Keats's first book, Poems, was published in 1817. Sales were poor. He spent the spring with his brother Tom and friends at Shankin. It was about this time Keats started to use his letters as the vehicle of his thoughts of poetry. They mixed the everyday events of his own life with comments with his correspondence. Among others T.S. Eliot considered the letters in The Use of Poetry and the Use of Criticism (1933) “certainly the most notable and most important ever written by any English poet,” but also said about Keats's famous Hyperion: “it contains great lines, but I do not know whether it is a great poem.” Endymion, Keats's first long poem appeared, when he was 21. It told in 4000 lines of the love of the moon goddess Cynthia for the young shepherd Endymion.

Keats's greatest works were written in the late 1810s, among them Lamia, The Eve of St. Agnes, the great odes and two versions of Hyperion. He worked briefly as a theatrical critic for The Champion, spent summer of 1818 touring the Lakes, Scotland and Northern Ireland. After returning to London he spent the next three months attending his brother Tom, who was seriously ill with tuberculosis.

After Tom's death in December, Keats moved to Hampstead to live with Charles Brown. Soon he fell in love with Fanny Brown, the daughter of a widowed neighbor, and they were betrothed. In the winter of 1818-19 he worked mainly on Hyperion and The Eve of St Agnes. In 1819 Keats finished Lamia, and wrote another version of Hyperion, called The Fall of Hyperion. His famous poem 'Ode on a Grecian Urn' was inspired by a Wedgwood copy of a Roman copy of a Greek vase.

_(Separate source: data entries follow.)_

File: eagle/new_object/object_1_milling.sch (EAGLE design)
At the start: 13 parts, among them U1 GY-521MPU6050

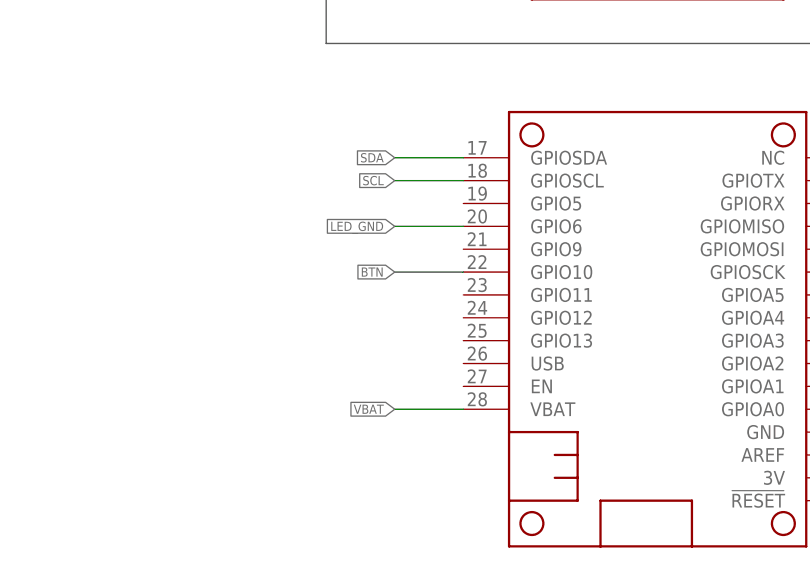
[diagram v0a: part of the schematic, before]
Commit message: Change switch to pin 23, clean the mess git did with the files
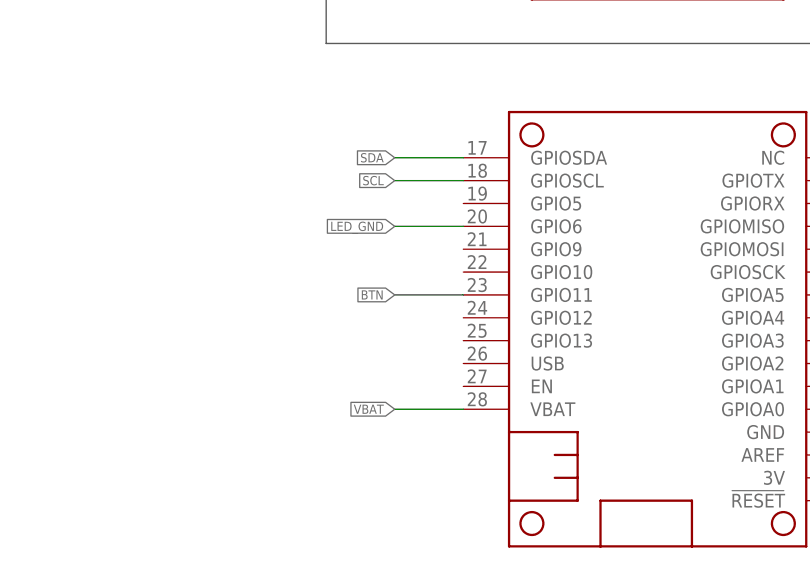
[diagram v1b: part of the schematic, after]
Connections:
- net BTN: now also MS1.GPIO11; no longer MS1.GPIO10
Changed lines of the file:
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@@
 <net name="BTN" class="0">
-<segment>
-<pinref part="MS1" gate="G$1" pin="GPIO10"/>
-<wire x1="88.9" y1="93.98" x2="81.28" y2="93.98" width="0.1524" layer="91"/>
-<label x="81.28" y="93.98" size="1.016" layer="95" rot="R180" xref="yes"/>
-</segment>
 <segment>
 <pinref part="JP1" gate="A" pin="3"/>
@@
 <label x="27.94" y="114.3" size="1.016" layer="95" xref="yes"/>
 </segment>
+<segment>
+<pinref part="MS1" gate="G$1" pin="GPIO11"/>
+<wire x1="88.9" y1="91.44" x2="81.28" y2="91.44" width="0.1524" layer="91"/>
+<label x="81.28" y="91.44" size="1.016" layer="95" rot="R180" xref="yes"/>
+</segment>
 </net>
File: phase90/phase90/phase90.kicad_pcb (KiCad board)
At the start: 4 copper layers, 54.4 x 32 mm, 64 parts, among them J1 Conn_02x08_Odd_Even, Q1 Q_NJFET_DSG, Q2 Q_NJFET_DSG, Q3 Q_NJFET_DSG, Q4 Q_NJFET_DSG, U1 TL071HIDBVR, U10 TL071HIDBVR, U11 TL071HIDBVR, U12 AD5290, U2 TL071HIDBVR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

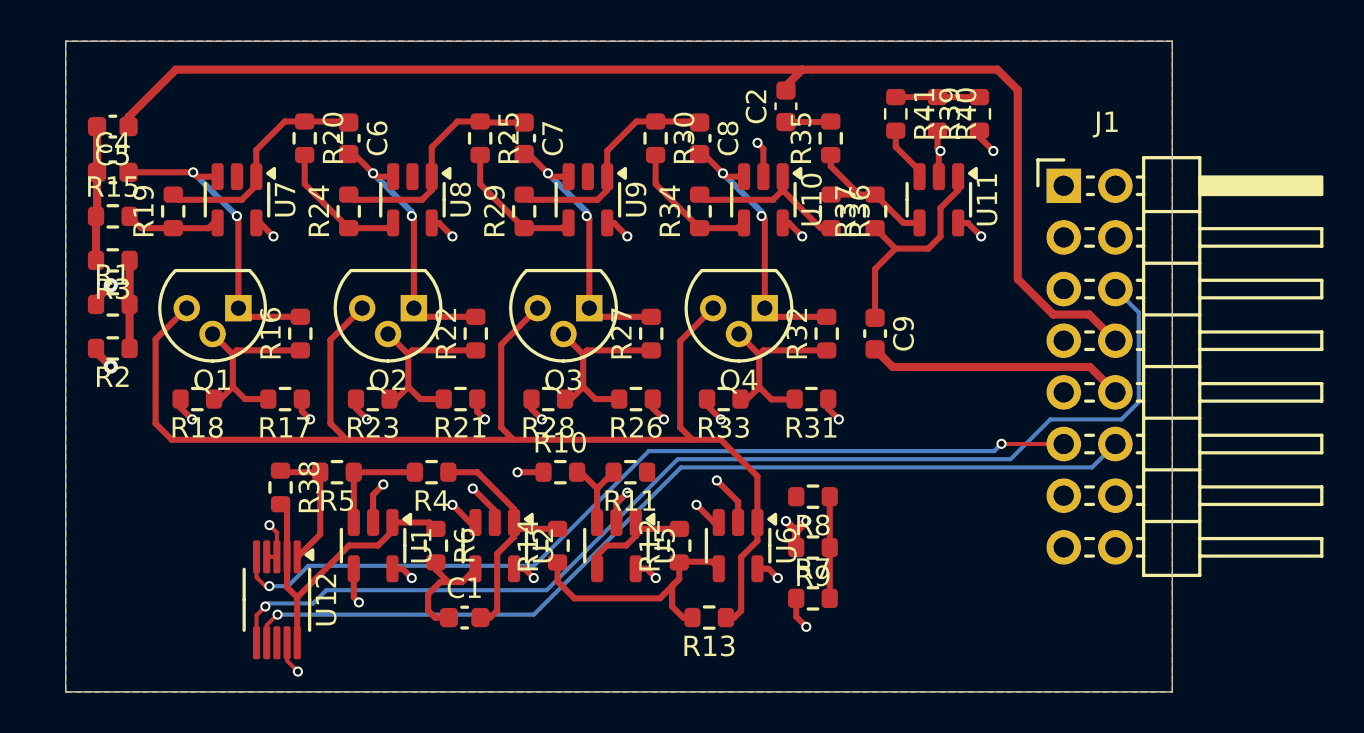
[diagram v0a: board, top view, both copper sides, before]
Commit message: silks have been scooted
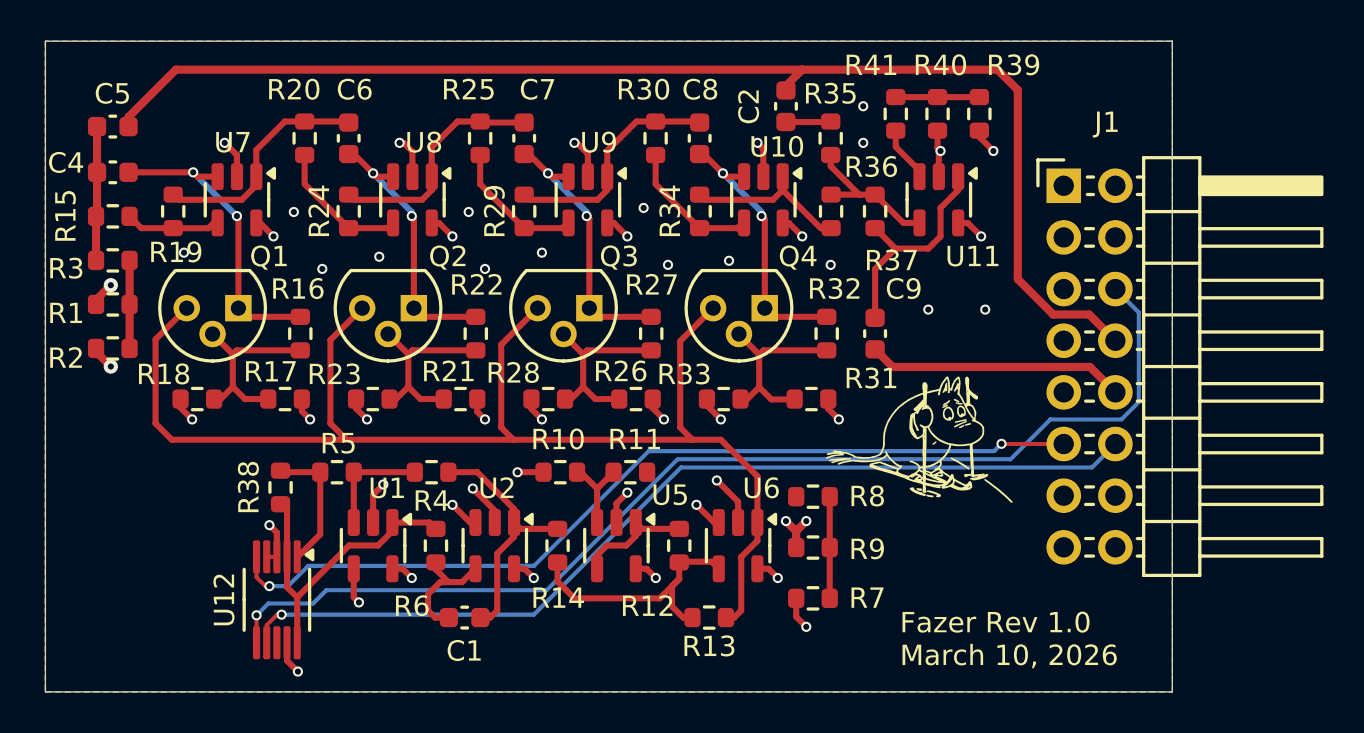
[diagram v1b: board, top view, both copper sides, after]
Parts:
- added G***: LOGO, LOGO, F.Cu at (122.2, 99.4)
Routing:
- net GND: track 20.9 -> 26.9 mm, vias 12 -> 30
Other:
- board size 54.4 x 32 mm -> 55.4 x 32 mm
- board text added: "Fazer Rev 1.0 March 10, 2026"
- board text added: "{dblquote}Can I get the purple one? Wait no, can I get the purple one?{dblquote} -Kyle de Nobel {dblquote}Frankly...{dblquote} - Marco Yaipen"
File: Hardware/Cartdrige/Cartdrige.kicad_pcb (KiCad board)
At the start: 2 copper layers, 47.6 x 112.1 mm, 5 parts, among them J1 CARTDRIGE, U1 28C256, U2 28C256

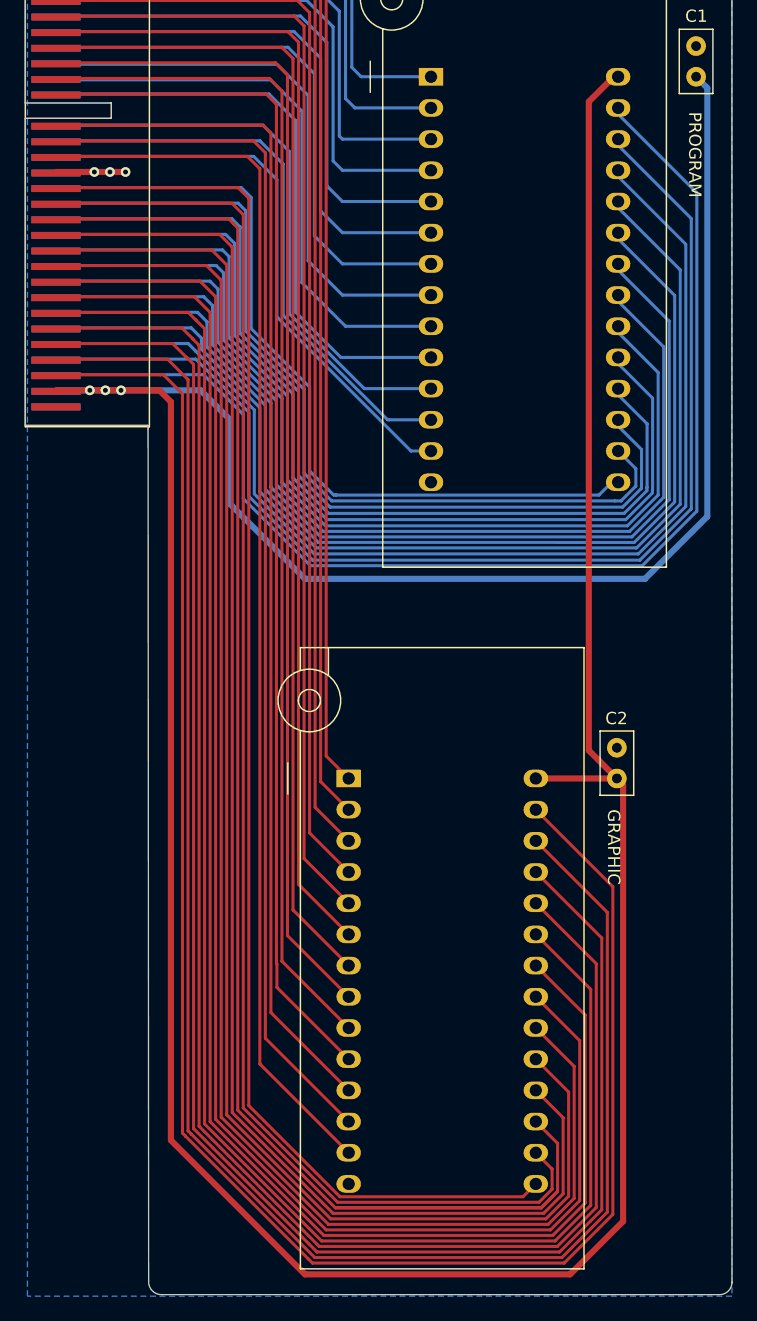
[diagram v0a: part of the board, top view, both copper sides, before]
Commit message: implement graphic loading from ROM
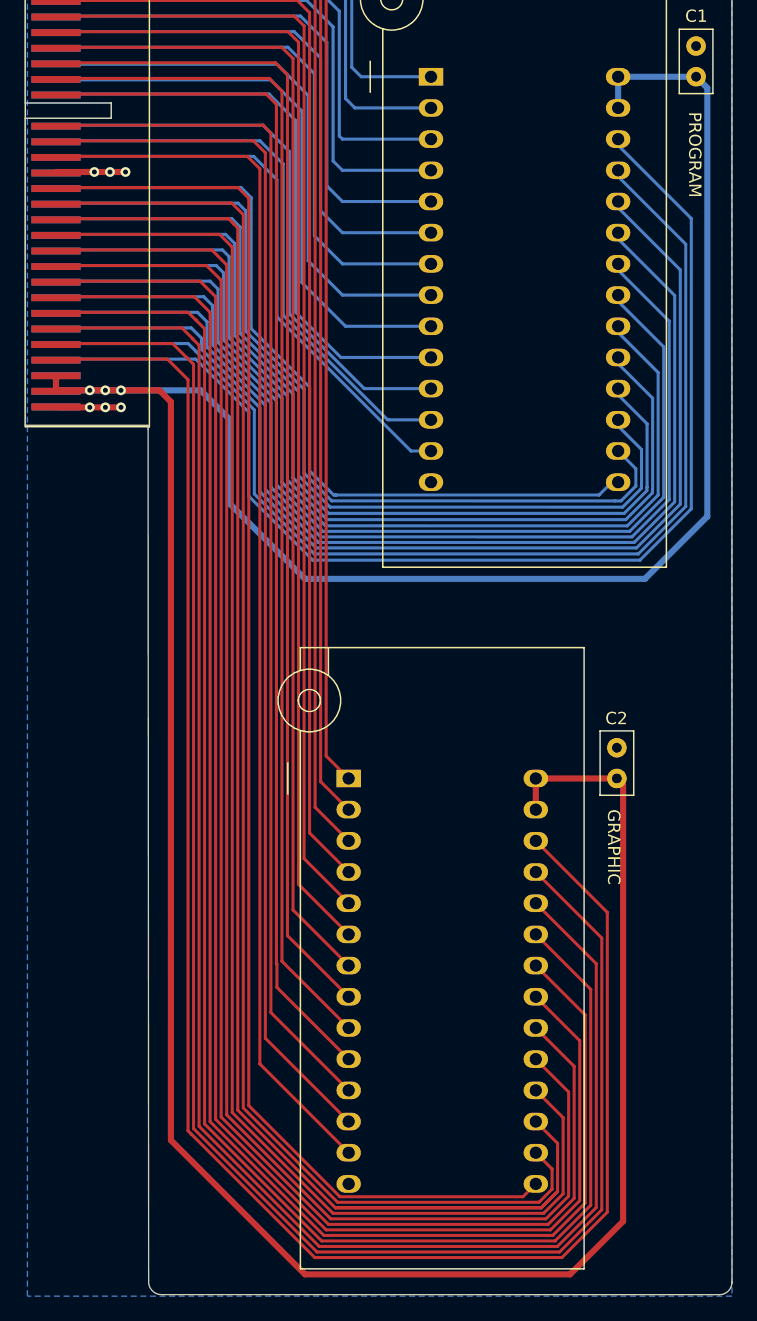
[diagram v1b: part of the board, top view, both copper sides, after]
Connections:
- J1 pad 55: WEA -> +5V
- J1 pad 56: WEB -> +5V
- J1 pad 59: no_connect_57 -> GND
- J1 pad 60: no_connect_58 -> GND
- U1 pad 27: WEA -> +5V
- U2 pad 27: WEB -> +5V
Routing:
- net WEA: track 147.8 -> 0.00 mm
- net WEB: track 100.2 -> 0.00 mm
- net +5V: track 316.5 -> 271.5 mm
- net GND: track 6.27 -> 11.6 mm, vias 3 -> 6

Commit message: Fix
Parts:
- removed C2: 100nF, Capacitor_THT:C_Disc_D5.0mm_W2.5mm_P2.50mm
- removed U2: 28C256, Socket:DIP_Socket-28_W11.9_W12.7_W15.24_W17.78_W18.5_3M_228-1277-00-0602J
- added XiaoNiuNiu: LOGO, Logos:VerySmallCow, F.Cu at (87.9, 32.0)
- J1: value CARTDRIGE -> ROM; footprint Connector_PCBEdge:Samtec_MECF-30-0_-L-DV_2x30_P1.27mm_Polarized_Edge -> Connector_TheRLab:NES_PCBEdge
- U1: footprint Socket:DIP_Socket-28_W11.9_W12.7_W15.24_W17.78_W18.5_3M_228-1277-00-0602J -> Package_DIP:DIP-28_W15.24mm
- moved U1 91.5 mm to (75.9, 34.8), turned to -90 degrees
- moved C1 88.4 mm to (76.1, 53.5), turned to 180 degrees
- moved J1 51.1 mm to (64.4, 64.6), turned to 0 degrees
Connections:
- net /AA14 renamed /A14
- J1 pad 10: /AB5 -> /A0
- J1 pad 11: /AA4 -> /D0
- J1 pad 12: /AB4 -> /D1
- J1 pad 13: /AA3 -> /D2
- J1 pad 14: /AB3 -> GND
- J1 pad 15: /AA2 -> /D3
- J1 pad 16: /AB2 -> /D4
- J1 pad 17: /AA1 -> /D5
- J1 pad 18: /AB1 -> /D6
- J1 pad 19: /AA0 -> /D7
- J1 pad 2: /AB14 -> /A12
- J1 pad 20: /AB0 -> CS
- J1 pad 23: /DA0 -> /A11
- J1 pad 24: /DB0 -> /A9
- J1 pad 25: /DA1 -> /A8
- J1 pad 26: /DB1 -> /A13
- J1 pad 27: /DA2 -> +5V
- J1 pad 28: /DB2 -> +5V
- J1 pad 3: /AA12 -> /A7
- J1 pad 4: /AB12 -> /A6
- J1 pad 5: /AA7 -> /A5
- J1 pad 6: /AB7 -> /A4
- J1 pad 7: /AA6 -> /A3
- J1 pad 8: /AB6 -> /A2
- J1 pad 9: /AA5 -> /A1
- U1 pad 10: /AA0 -> /A0
- U1 pad 11: /DA0 -> /D0
- U1 pad 12: /DA1 -> /D1
- U1 pad 13: /DA2 -> /D2
- U1 pad 15: /DA3 -> /D3
- U1 pad 16: /DA4 -> /D4
- U1 pad 17: /DA5 -> /D5
- U1 pad 18: /DA6 -> /D6
- U1 pad 19: /DA7 -> /D7
- U1 pad 2: /AA12 -> /A12
- U1 pad 20: CSA -> CS
- U1 pad 21: /AA10 -> /A10
- U1 pad 22: OEA -> OE
- U1 pad 23: /AA11 -> /A11
- U1 pad 24: /AA9 -> /A9
- U1 pad 25: /AA8 -> /A8
- U1 pad 26: /AA13 -> /A13
- U1 pad 3: /AA7 -> /A7
- U1 pad 4: /AA6 -> /A6
- U1 pad 5: /AA5 -> /A5
- U1 pad 6: /AA4 -> /A4
- U1 pad 7: /AA3 -> /A3
- U1 pad 8: /AA2 -> /A2
- U1 pad 9: /AA1 -> /A1
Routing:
- net +5V: track 271.5 -> 83.3 mm, vias 3 -> 2
- net /AA13: track 145.2 -> 0.00 mm
- net /AA8: track 142.7 -> 0.00 mm
- net /DA5: track 141.9 -> 0.00 mm
- net /AA9: track 140.4 -> 0.00 mm
- net /AA11: track 137.9 -> 0.00 mm
- net OEA: track 135.5 -> 0.00 mm
- net /AA10: track 133.0 -> 0.00 mm
- net CSA: track 130.5 -> 0.00 mm
- net /DA7: track 128.0 -> 0.00 mm
- net /DA6: track 125.6 -> 0.00 mm
- net /DA4: track 120.7 -> 0.00 mm
- net /DA3: track 116.8 -> 0.00 mm
- net /DA2: track 100.1 -> 0.00 mm
- net /DA1: track 99.2 -> 0.00 mm
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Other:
- board size 47.6 x 112.1 mm -> 80 x 34.3 mm
- board text removed: "GRAPHIC"
- board text removed: "PROGRAM"

In 1820 appeared the second volume of Keats poems. It gained a huge critical success. However, Keats was suffering at that time from tuberculosis. His poems were marked with sadness partly because he was too poor to marry Fanny Brawne. Keats broke off his engagement and began what he called a “posthumous existence.” When his condition gradually worsened, he sailed for Italy in September with the painter Joseph Severn, to escape England's cold winter. Declining Shelley's invitation to join him at Pisa, Keats went to Rome, where he took up residence in rooms overlooking the Piazza di Spagna. He died in Rome at the age of 25, on February 23, 1821, and was buried in the Protestant Cemetery.

John Keats. On the Grasshopper and Cricket

The poetry of earth is never dead:

When all the birds are faint with the hot sun,

And hide in cooling trees, a voice will run

From hedge to hedge about the new-mown mead;

That is the Grasshopper's – he takes the lead

In summer luxury, – he has never done

With his delights; for when tired out with fun

He rests at ease beneath some pleasant weed.

The poetry of earth is ceasing never:

On a lone winter evening, when the frost

Has wrought a silence, from the stove there shrills

The Cricket's song, in warmth increasing ever,

And seems to one in drowsiness half lost,

The Grasshopper's among some grassy hills.